As the problem with this is _process_spider_output and _process_spider_exception calling each other (because of the feature with returning iterables from process_spider_exception), and other things calling _process_spider_exception, this seems to be easily broken by not waiting on _process_spider_output in process_spider_exception and either taking the result if it's available immediately or raising an exception. This, if I understand correctly, corresponds to something like "if some process_spider_exception method returns an async iterable, the next middleware needs to be async-aware" "async iterables returned from callbacks and process_spider_output can be downgraded but ones returned from process_spider_exception can't" which I think is fine when documented.

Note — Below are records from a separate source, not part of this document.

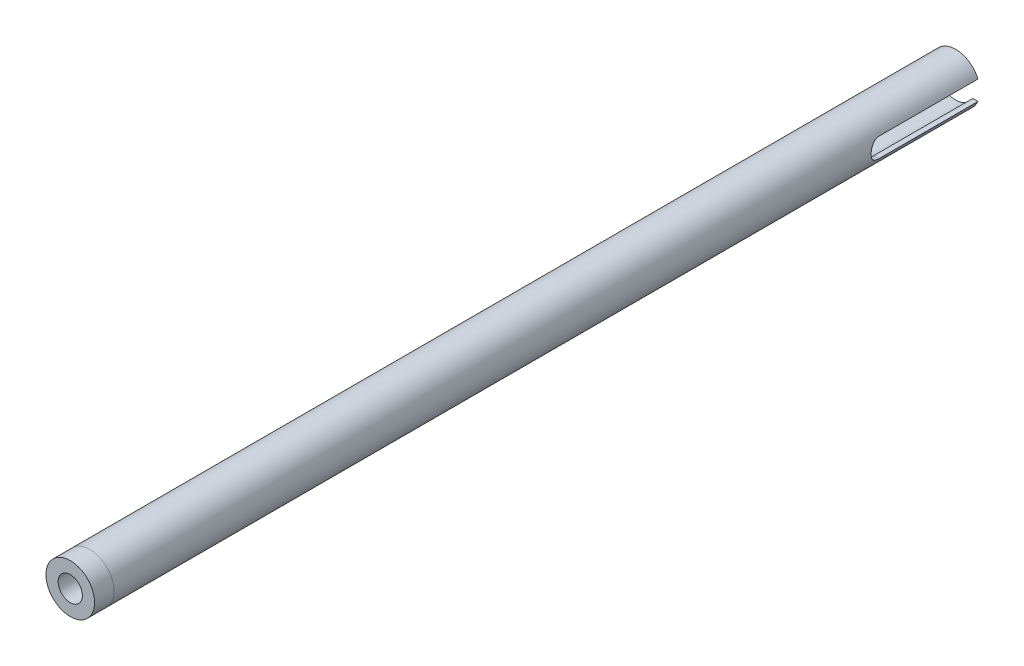
SolidWorks part; units mm, degrees
ref_plane "Front Plane" through (0, 0, 0) normal (0, 0, 1) x (1, 0, 0)
ref_plane "Top Plane" through (0, 0, 0) normal (0, 1, 0) x (1, 0, 0)
ref_plane "Right Plane" through (0, 0, 0) normal (1, 0, 0) x (0, 0, -1)
sketch "Axis" plane through (0, 0, 0) normal (0, 1, 0) x (1, 0, 0)
  line L0 (0, 0) -> (0, 289.2051) construction
  line L1 (0, 0) -> (0, -34.925) construction
  line L2 (0, 289.2051) -> (-7.9375, 289.2051) construction
  line L3 (0, 315.4109) -> (-28.3474, 221.8217) construction
  dimension "D1" = 34.925
  dimension "D2" = 7.9375
sketch "Sketch1" plane through (0, 0, 0) normal (0, 0, 1) x (1, 0, 0)
  line L0 (-7.9375, 0) -> (7.9375, 0) construction
  line L1 (-7.2748, 3.175) -> (7.2748, 3.175)
  line L2 (-7.2748, -3.175) -> (7.2748, -3.175)
  circle A0 centre (0, 0) radius 7.9375
  circle A1 centre (0, 0) radius 6.4135
  circle A2 centre (0, 0) radius 3.9688
  dimension "D1" = 15.875
  dimension "D3" = 7.9375
  dimension "D2" = 1.524
  dimension "D4" = 6.35
extrude "Threaded insert 1-1" add sketch "Sketch1" against normal blind 6.35 contours A2 L1 A1 | A1 L1 A0 | A2 L0 A1 L1 | A1 L0 A0 L1 | L0 A1 L2 A0 | L0 A2 L2 A1 | A2 L2 A1 | A1 L2 A0 | L0 A1 L2 A2 | L0 A0 L2 A1 | A0 L0 A1 L1 | A1 L0 A2 L1 region at (4.7887, 1.6543, 0) region at (4.7887, -1.6543, 0) region at (6.9234, 1.6163, 0) region at (6.9234, -1.6163, 0) region at (-4.7887, -1.6543, 0) region at (-4.7887, 1.6543, 0) region at (0, 4.6159, 0) region at (0, -4.6159, 0) region at (0, 6.5666, 0) region at (6.4237, -3.3281, 0) region at (-6.9234, -1.6163, 0) region at (-6.9234, 1.6163, 0)
extrude "Threaded insert 1-2" add sketch "Sketch1<3>" against normal blind 9.525 from surface contours A2 L1 A1 | A2 L0 A1 L1 | L0 A2 L2 A1 | A2 L2 A1 | L0 A1 L2 A2 | A1 L0 A2 L1 region at (4.7887, 1.6543, 0) region at (4.7887, -1.6543, 0) region at (-4.7887, -1.6543, 0) region at (-4.7887, 1.6543, 0) region at (0, 4.6159, 0) region at (0, -4.6159, 0) starting at face at (7.9375, 0, -6.35)
sketch "Sketch1<3>" plane through (0, 0, 0) normal (0, 0, 1) x (1, 0, 0) same geometry as "Sketch1"
extrude "A-arm tube" add sketch "Sketch1<4>" against normal up to vertex (289.2051 mm away) from surface separate body contours A1 L1 A0 | A1 L0 A0 L1 | L0 A1 L2 A0 | A1 L2 A0 | L0 A0 L2 A1 | A0 L0 A1 L1 region at (6.9234, 1.6163, 0) region at (6.9234, -1.6163, 0) region at (0, 6.5666, 0) region at (6.4237, -3.3281, 0) region at (-6.9234, -1.6163, 0) region at (-6.9234, 1.6163, 0) up to point (0, 0, -289.2051) starting at face at (6.4135, 0, -6.35)
sketch "Sketch1<4>" plane through (0, 0, 0) normal (0, 0, 1) x (1, 0, 0) same geometry as "Sketch1"
extrude "Apex slot" cut sketch "Sketch1<5>" along normal blind 35.56 from surface contours A0 L0 A1 L1 | L0 A0 L2 A1 | A1 L0 A0 L1 | L0 A1 L2 A0 region at (6.9234, 1.6163, 0) region at (6.9234, -1.6163, 0) region at (-6.9234, -1.6163, 0) region at (-6.9234, 1.6163, 0) starting at face at (6.4135, 0, -289.2051)
sketch "Sketch1<5>" plane through (0, 0, 0) normal (0, 0, 1) x (1, 0, 0) same geometry as "Sketch1"
fillet "Fillet1" radius 3.175 4 edges at (-6.4237, 3.175, -253.6451) (-6.4237, -3.175, -253.6451) (6.4237, -3.175, -253.6451) (6.4237, 3.175, -253.6451)
equation "\"tube diameter\"= 5 / 8"
equation "\"tube thickness\"= .06"
equation "\"apex thickness\"= .25"
equation "\"tube slot\"= 1.4"
equation "\"D1@Sketch1\"=\"tube diameter\""
equation "\"D2@Sketch1\"=\"tube thickness\""
equation "\"threaded insert hole\"= .3125"
equation "\"D3@Sketch1\"=\"threaded insert hole\""
equation "\"D4@Sketch1\"=\"apex thickness\""
equation "\"D1@Apex slot\" = \"tube slot\""
equation "\"D1@Fillet1\"=\"apex thickness\"/2"
equation "\"D2@Axis\"=\"tube diameter\"/2"

Now I need to make sure this indeed works.

auxsvr commented 1 year ago

Shouldn't we also update CrawlSpider._parse_response, CrawlSpider._requests_to_follow, LxmlParserLinkExtractor._extract_links etc to support coroutines and async generators?

wRAR commented 1 year ago

@auxsvr on one hand we haven't thought about this and doing this shouldn't be necessary to merge this feature as existing CrawlSpider-based spiders should continue to work and this support can be added separately (if you suspect this is not true please voice your suspicions), on other hand it should be possible to convert any CrawlSpider-based spider to a normal one if one wants to use async callbacks.

kmike commented 1 year ago

A fix for the typing issues: https://github.com/wRAR/scrapy/pull/2 (and https://github.com/wRAR/scrapy/pull/2/commits/56e2eeac1066cd2d3c710b76a3d6210b3ac257f5 specifically)

kmike commented 1 year ago

Tremendous work, thanks @wRAR!